I just scored another free treadmill off Craigslist.  I'm planning to use the motor on the WT drill press I just acquired.  It is hard to beat free.  If it dies from shop dust, I wait for another treadmill to show up on CL.


----------



## sdy5001 (May 2, 2021)

markba633csi said:


> 20 amps is about the limit from a 120 volt circuit and you are right most dc drives top out at about 1.5 to 2 HP.   Personally if I was determined to use that motor I would modify a KB drive with bigger scrs, heatsink, and wind a custom "horsepower" resistor but that might be a bit out of your wheelhouse.
> Also, anything above about 1.5 HP should really be run on 240 volts for efficiency's sake
> -Mark
> I believe in larger sizes you get smoother power delivery from 3-phase motors, from what owners of larger lathes have said on the forum


Mark, first off thank you, but secondly, how can I make that something I'm comfortable doing aside from taking some courses at the local tech school because that fundamental knowledge would seemingly be advantageous quite often.
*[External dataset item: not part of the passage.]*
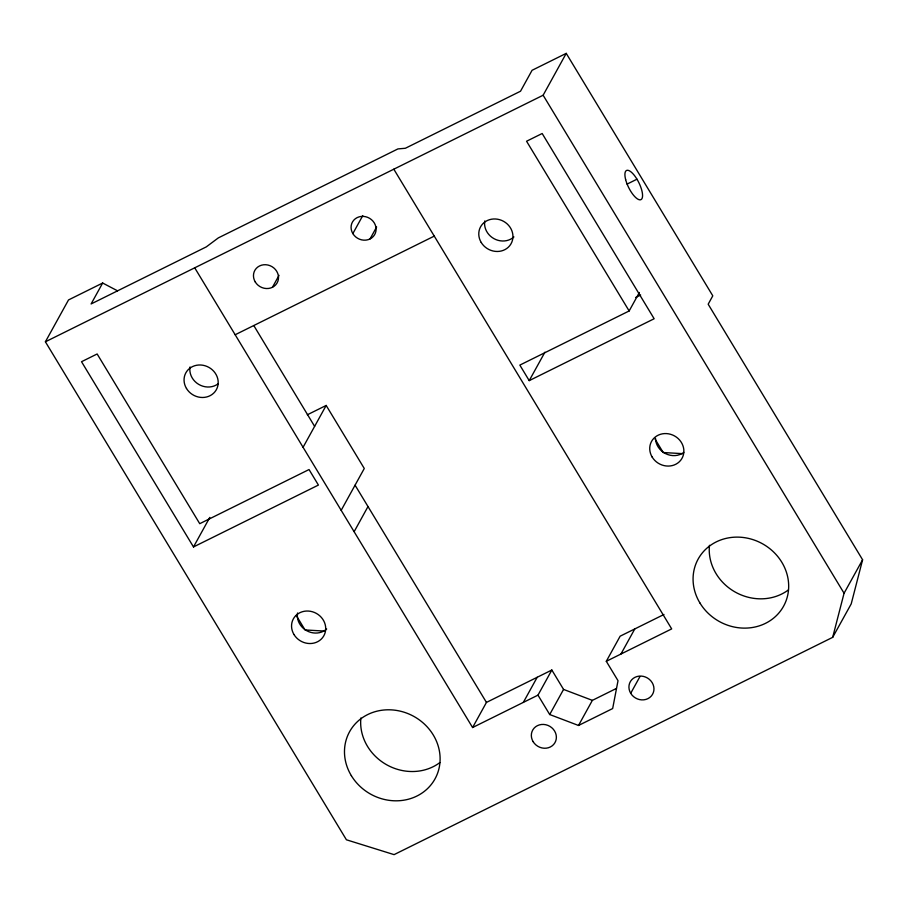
<?xml version="1.0" encoding="UTF-8"?>
<svg xmlns="http://www.w3.org/2000/svg" width="908" height="908" viewBox="0 0 908 908"><rect width="100%" height="100%" fill="white"/><g stroke="black" fill="none" stroke-linecap="round" stroke-linejoin="round"><path stroke-width="1.36" d="M102.661 283.024L68.509 299.946L45.4 341.794L346.413 839.786L394.083 854.632L832.681 637.348L844.065 593.242L862.6 559.782L708.172 304.203L712.791 295.826L566.229 53.368L532.077 70.291L520.522 91.22L405.365 148.265L397.908 148.923L218.34 237.885L206.275 246.897L91.106 303.953L102.661 283.024L117.507 290.798M862.6 559.782L851.216 603.888L832.681 637.348M616.407 688.446L592.368 700.363L563.562 689.422L551.837 670.025L537.979 695.142L472.591 727.535L341.181 510.33L364.278 468.483L326.176 405.445L307.313 414.786M272.434 287.303L279.04 275.34M352.849 233.594A12.78 11.645 28.9 0 1 363.359 216.388A12.78 11.645 28.9 0 1 374.527 234.866A12.78 11.645 28.9 0 1 352.849 233.594L362.746 215.661M193.495 546.945L318.413 485.065L309.038 469.549L199.737 523.689L97.145 353.972L81.527 361.713L193.495 546.945L209.805 517.401M370.033 238.952L376.627 226.989M341.181 510.33L303.068 447.292L326.176 405.445M45.4 341.794L543.132 95.227L566.229 53.368M354.177 531.623L368.012 506.528M639.345 292.501L629.153 310.967L519.841 365.107L529.216 380.634L544.913 352.202M472.591 727.535L486.45 702.417L551.837 670.025M523.337 702.383L537.196 677.277M663.975 614.478L620.153 636.179L606.294 661.296L618.019 680.694L612.662 708.546L578.51 725.469L549.703 714.528L563.562 689.422M578.51 725.469L592.368 700.363M620.936 654.044L634.794 628.926M630.708 693.303A12.78 11.645 28.9 0 1 641.23 676.085A12.78 11.645 28.9 0 1 652.398 694.563A12.78 11.645 28.9 0 1 630.708 693.303L639.958 676.562M194.721 267.826L235.172 334.746L434.262 236.114M627.076 184.108L636.973 179.205M635.6 297.518L640.651 295.021M529.216 380.634L654.146 318.742L542.178 133.51L526.561 141.239L629.153 310.967M606.294 661.296L671.682 628.904L393.811 169.194M682.51 453.648L663.192 452.524L655.133 439.188M324.349 631.071L305.031 629.948L296.235 615.397M543.132 95.227L844.065 593.242M537.979 695.142L549.703 714.528M355.085 485.201L486.45 702.417M254.024 325.927L314.622 426.374M235.172 334.746L303.068 447.292M788.416 589.905A48.794 44.469 28.9 0 1 735.083 591.993A48.794 44.469 28.9 0 1 709.466 545.299M439.847 762.595A48.794 44.469 28.9 0 1 386.513 764.684A48.794 44.469 28.9 0 1 360.885 717.978M513.917 236.931A17.422 15.879 28.9 0 1 494.009 238.679A17.422 15.879 28.9 0 1 484.77 220.95M218.102 383.834A17.422 15.879 28.9 0 1 198.614 384.322A17.422 15.879 28.9 0 1 190.033 366.968M683.781 452.434A17.422 15.879 28.9 0 1 665.632 453.659A17.422 15.879 28.9 0 1 655.508 438.371M326.687 628.994A17.422 15.879 28.9 0 1 306.779 630.742A17.422 15.879 28.9 0 1 297.54 613.014M625.646 179.602A16.265 5.652 63.6 0 0 640.821 199.692A16.265 5.652 63.6 0 0 634.737 175.891A16.265 5.652 63.6 0 0 625.646 179.602M699.886 602.923A48.794 44.469 28.9 0 0 782.685 607.747A48.794 44.469 28.9 0 0 740.043 537.196A48.794 44.469 28.9 0 0 699.886 602.923M351.305 775.614A48.794 44.469 28.9 0 0 434.115 780.426A48.794 44.469 28.9 0 0 391.473 709.874A48.794 44.469 28.9 0 0 351.305 775.614M533.121 741.654A12.78 11.645 28.9 0 0 554.811 742.914A12.78 11.645 28.9 0 0 543.642 724.436A12.78 11.645 28.9 0 0 533.121 741.654M255.25 281.945A12.78 11.645 28.9 0 0 276.94 283.205A12.78 11.645 28.9 0 0 265.772 264.727A12.78 11.645 28.9 0 0 255.25 281.945M481.217 242.47A17.422 15.879 28.9 0 0 510.795 244.184A17.422 15.879 28.9 0 0 495.564 218.987A17.422 15.879 28.9 0 0 481.217 242.47M186.481 388.476A17.422 15.879 28.9 0 0 216.059 390.202A17.422 15.879 28.9 0 0 200.827 365.005A17.422 15.879 28.9 0 0 186.481 388.476M652.171 457.076A17.422 15.879 28.9 0 0 681.738 458.79A17.422 15.879 28.9 0 0 666.517 433.593A17.422 15.879 28.9 0 0 652.171 457.076M293.988 634.533A17.422 15.879 28.9 0 0 323.566 636.247A17.422 15.879 28.9 0 0 308.334 611.05A17.422 15.879 28.9 0 0 293.988 634.533"/></g></svg>

Anyhow, for the time being, I think I did something like that anyhow...I bought an SCR off eBay, had some full bridge rectifiers laying around, and made a little aluminum housing box, wired it all up and ran it slowly for a few minutes to listen and see what was what. The motor sounded fine and everything seemed ok so I ran it harder for a few minutes with a temp gun handy and everything stayed cool except the rectifier so I bolted that to a larger piece of aluminum and wired in a little computer fan and so far, everything seems good...


----------



## markba633csi (May 2, 2021)

The thing you'll run into without some type of current/voltage sensing is the motor speed will vary depending on the load.  The KB and others have circuitry to correct that, which is why they cost a bit more than a simple "light dimmer" or "router speed control"
May not be an issue for you- you may not ever load that motor enough to notice it


----------



## Packard V8 (May 2, 2021)

markba633csi said:


> I like DC drives, but then I've been lucky as far as finding motors. The one I'm using currently is a husky 4-brush _EG&G _servo motor with a KB scr controller. Buying surplus you can save a lot. Total outlay about 70$
> The old technology scr speed controls are easy and cheap to fix (not that they need frequent fixing in my experience)  something you can't do easily with VFDs for the most part
> They are a bit hummy but I don't mind- I just hum louder
> -Mark


Where might one find a KB SCR controller?

jack vines


----------



## markba633csi (May 2, 2021)

Ebay has them, here's one that's been tested:  price is reasonable at 40$. Some of the prices are outrageously high IMO








						KBLC-120 120VAC Input DC Motor Speed Control, Used, Tested  | eBay
					

KBLC-120 120VAC Input DC Motor Speed Control, Used, Tested. Condition is "Used". Shipped with USPS Priority Mail.



					www.ebay.com


----------



## Joe in Oz (May 3, 2021)

... i'm waiting for the day someone puts a Tesla motor on a big old horizontal mill and makes chips 3/4" x 1/4" thick....


----------



## Nigel123 (May 3, 2021)

sdy5001 said:


> I have two machine restorations going on that I'm unsure what route to take so I guess I'm trying to lean on the community for input, but unfortunately I think the questions have a little bit of the chicken and the egg quandary inherently built in, but what route should one take when breathing new life into beautiful old flat belt driven machines?: single phase AC motors that use belts and pulleys for limited clumsy speed control, gamble with the longevity of repurposing DC motors, or having to alter the budget and break the bank with a VFD/3 phase setup?
> 
> Maybe 2 or 3 years ago, there seemed to be this surge of people of re-purposing treadmilll motors to run all sorts of machines and apparatuses in the home shop. Some had seemingly done it with more success than others, with the primary reasons for the ones that weren't successful coming from all angles (with both the PWM and SCR drives themselves burning up...usually because of poor import quality components, these drives frying brushes and armatures and windings in the motors, etc, and then with the more successful systems failing because the motors aren't sealed so they're trying to cool themselves with abrasive chips and shop dust) so by the time all of these issues are sorted, you've invested the same as if having bought an import VFD and 3 phase AC motor, I think, anyway. What are people doing on here now with machines that they plan on keeping for themselves for quite a while? If running DC motors, what drive/motor combos are you using? If going with the 3 phase route, what motor/VFD combos there? It seems that powering these machines is harder than engineering their construction in the first place, ha...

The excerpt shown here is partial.